**Records for the task**
--------

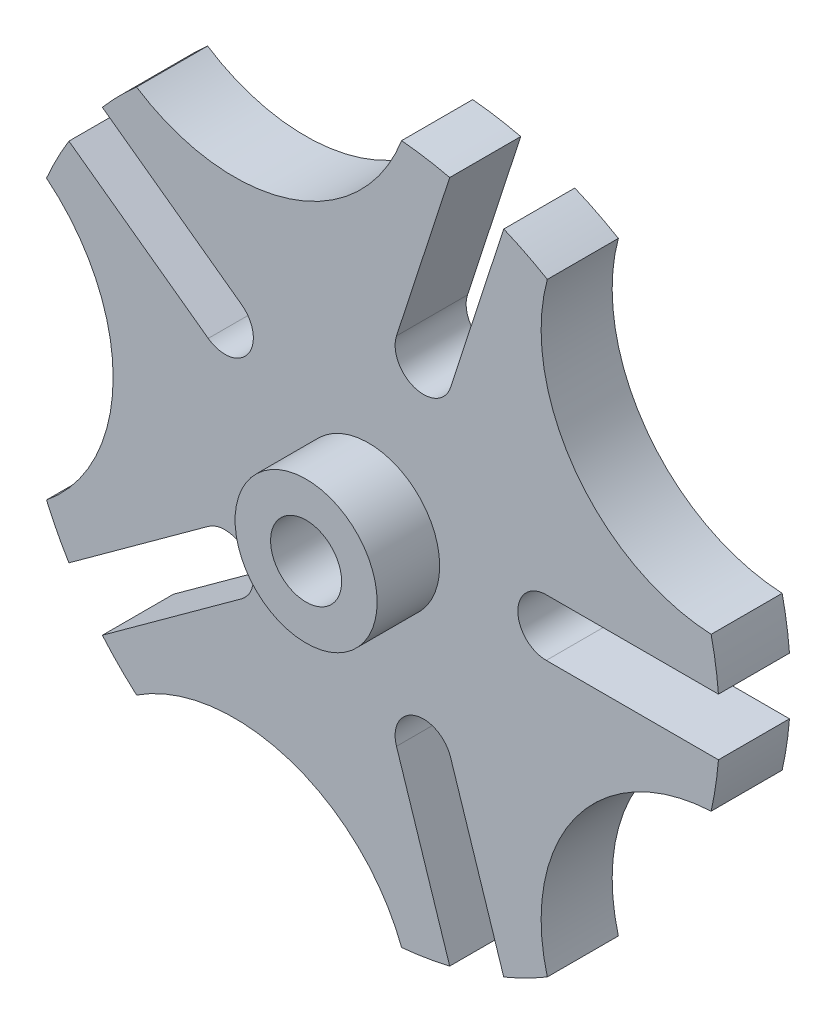
from build123d import *

# Parameters (mm, degrees)
BOSS_EXTRUDE1_DEPTH = 6.35
SKETCH2_R           = 6.35
SKETCH2_R_2         = 3.175
BOSS_EXTRUDE2_DEPTH = 5.588
SKETCH2_2_R         = 6.35
SKETCH2_2_R_2       = 3.175
CUT_EXTRUDE1_DEPTH  = 45.645295473


with BuildPart() as part:
    # Sketch1 → Boss-Extrude1 (new body)
    with BuildSketch(Plane.XY):
        with BuildLine():
            ThreePointArc((15.6718, 2.531858953), (15.773318492, 2.537963922), (15.875, 2.54))
            Line((15.875, 2.54), (31.265996882, 2.54))
            ThreePointArc((31.265996882, 2.54), (31.014248813, 4.704309891), (30.612864998, 6.845922701))
            ThreePointArc((30.612864998, 6.845922701), (18.47357946, 13.421841122), (15.970754926, 26.999058282))
            ThreePointArc((15.970754926, 26.999058282), (14.057994528, 28.042591729), (12.077407934, 28.950826907))
            Line((12.077407934, 28.950826907), (7.321328337, 14.31311903))
            ThreePointArc((7.321328337, 14.31311903), (7.287970598, 14.217043352), (7.250793488, 14.122380068))
            ThreePointArc((7.250793488, 14.122380068), (4.12074162, 12.682338645), (2.434911576, 15.687154956))
            ThreePointArc((2.434911576, 15.687154956), (2.460476345, 15.785591318), (2.489961234, 15.882925362))
            Line((2.489961234, 15.882925362), (7.246040831, 30.520633238))
            ThreePointArc((7.246040831, 30.520633238), (5.109865374, 30.950015135), (2.949036136, 31.230071195))
            ThreePointArc((2.949036136, 31.230071195), (-7.05627946, 21.716995127), (-20.742395628, 23.532258383))
            ThreePointArc((-20.742395628, 23.532258383), (-22.325930381, 22.035584712), (-23.801748282, 20.432595031))
            Line((-23.801748282, 20.432595031), (-11.350170245, 11.385994046))
            ThreePointArc((-11.350170245, 11.385994046), (-11.269104953, 11.324579933), (-11.190563179, 11.259969838))
            ThreePointArc((-11.190563179, 11.259969838), (-10.78824162, 7.838116339), (-14.166941886, 7.163335996))
            ThreePointArc((-14.166941886, 7.163335996), (-14.252660482, 7.218068045), (-14.336119327, 7.276187714))
            Line((-14.336119327, 7.276187714), (-26.787697364, 16.3227887))
            ThreePointArc((-26.787697364, 16.3227887), (-27.856178334, 14.423851415), (-28.790260432, 12.455322769))
            ThreePointArc((-28.790260432, 12.455322769), (-22.8346, 0), (-28.790260432, -12.455322769))
            ThreePointArc((-28.790260432, -12.455322769), (-27.856178334, -14.423851415), (-26.787697364, -16.3227887))
            Line((-26.787697364, -16.3227887), (-14.336119327, -7.276187714))
            ThreePointArc((-14.336119327, -7.276187714), (-14.252660482, -7.218068045), (-14.166941886, -7.163335996))
            ThreePointArc((-14.166941886, -7.163335996), (-10.78824162, -7.838116339), (-11.190563179, -11.259969838))
            ThreePointArc((-11.190563179, -11.259969838), (-11.269104953, -11.324579933), (-11.350170245, -11.385994046))
            Line((-11.350170245, -11.385994046), (-23.801748282, -20.432595031))
            ThreePointArc((-23.801748282, -20.432595031), (-22.325930381, -22.035584712), (-20.742395628, -23.532258383))
            ThreePointArc((-20.742395628, -23.532258383), (-7.05627946, -21.716995127), (2.949036136, -31.230071195))
            ThreePointArc((2.949036136, -31.230071195), (5.109865374, -30.950015135), (7.246040831, -30.520633238))
            Line((7.246040831, -30.520633238), (2.489961234, -15.882925362))
            ThreePointArc((2.489961234, -15.882925362), (2.460476345, -15.785591318), (2.434911576, -15.687154956))
            ThreePointArc((2.434911576, -15.687154956), (4.12074162, -12.682338645), (7.250793488, -14.122380068))
            ThreePointArc((7.250793488, -14.122380068), (7.287970598, -14.217043352), (7.321328337, -14.31311903))
            Line((7.321328337, -14.31311903), (12.077407934, -28.950826907))
            ThreePointArc((12.077407934, -28.950826907), (14.057994528, -28.042591729), (15.970754926, -26.999058282))
            ThreePointArc((15.970754926, -26.999058282), (18.47357946, -13.421841122), (30.612864998, -6.845922701))
            ThreePointArc((30.612864998, -6.845922701), (31.014248813, -4.704309891), (31.265996882, -2.54))
            Line((31.265996882, -2.54), (15.875, -2.54))
            ThreePointArc((15.875, -2.54), (15.773318492, -2.537963922), (15.6718, -2.531858953))
            ThreePointArc((15.6718, -2.531858953), (13.335, 0), (15.6718, 2.531858953))
        make_face()
    extrude(amount=BOSS_EXTRUDE1_DEPTH)

    # Sketch2 → Boss-Extrude2 (add)
    with BuildSketch(Plane.XY.offset(6.35)):
        Circle(SKETCH2_R)
        Circle(SKETCH2_R_2, mode=Mode.SUBTRACT)
    extrude(amount=BOSS_EXTRUDE2_DEPTH)

    # Sketch2<2> → Cut-Extrude1 (cut, through all)
    with BuildSketch(Plane.XY.offset(6.35)):
        Circle(SKETCH2_2_R)
        Circle(SKETCH2_2_R_2, mode=Mode.SUBTRACT)
    extrude(amount=-CUT_EXTRUDE1_DEPTH, mode=Mode.SUBTRACT)


with BuildPart() as cut_extrude1_piece_1:
    # of the separate pieces the step leaves, piece 1, a body of its own (cut_extrude1_pieces_kept)
    add(part.part.solids().sort_by_distance((-14.336119327, -7.276187714, 0))[0])


with BuildPart() as cut_extrude1_piece_2:
    # of the separate pieces the step leaves, piece 2, a body of its own (cut_extrude1_pieces_kept)
    add(part.part.solids().sort_by_distance((6.35, 0, 11.938))[0])


solid = Compound([cut_extrude1_piece_1.part, cut_extrude1_piece_2.part])

--------

**Task details**
Find every line in the records that has the word "solids". Copy those lines.

**The completed task**
    add(part.part.solids().sort_by_distance((-14.336119327, -7.276187714, 0))[0])
    add(part.part.solids().sort_by_distance((6.35, 0, 11.938))[0])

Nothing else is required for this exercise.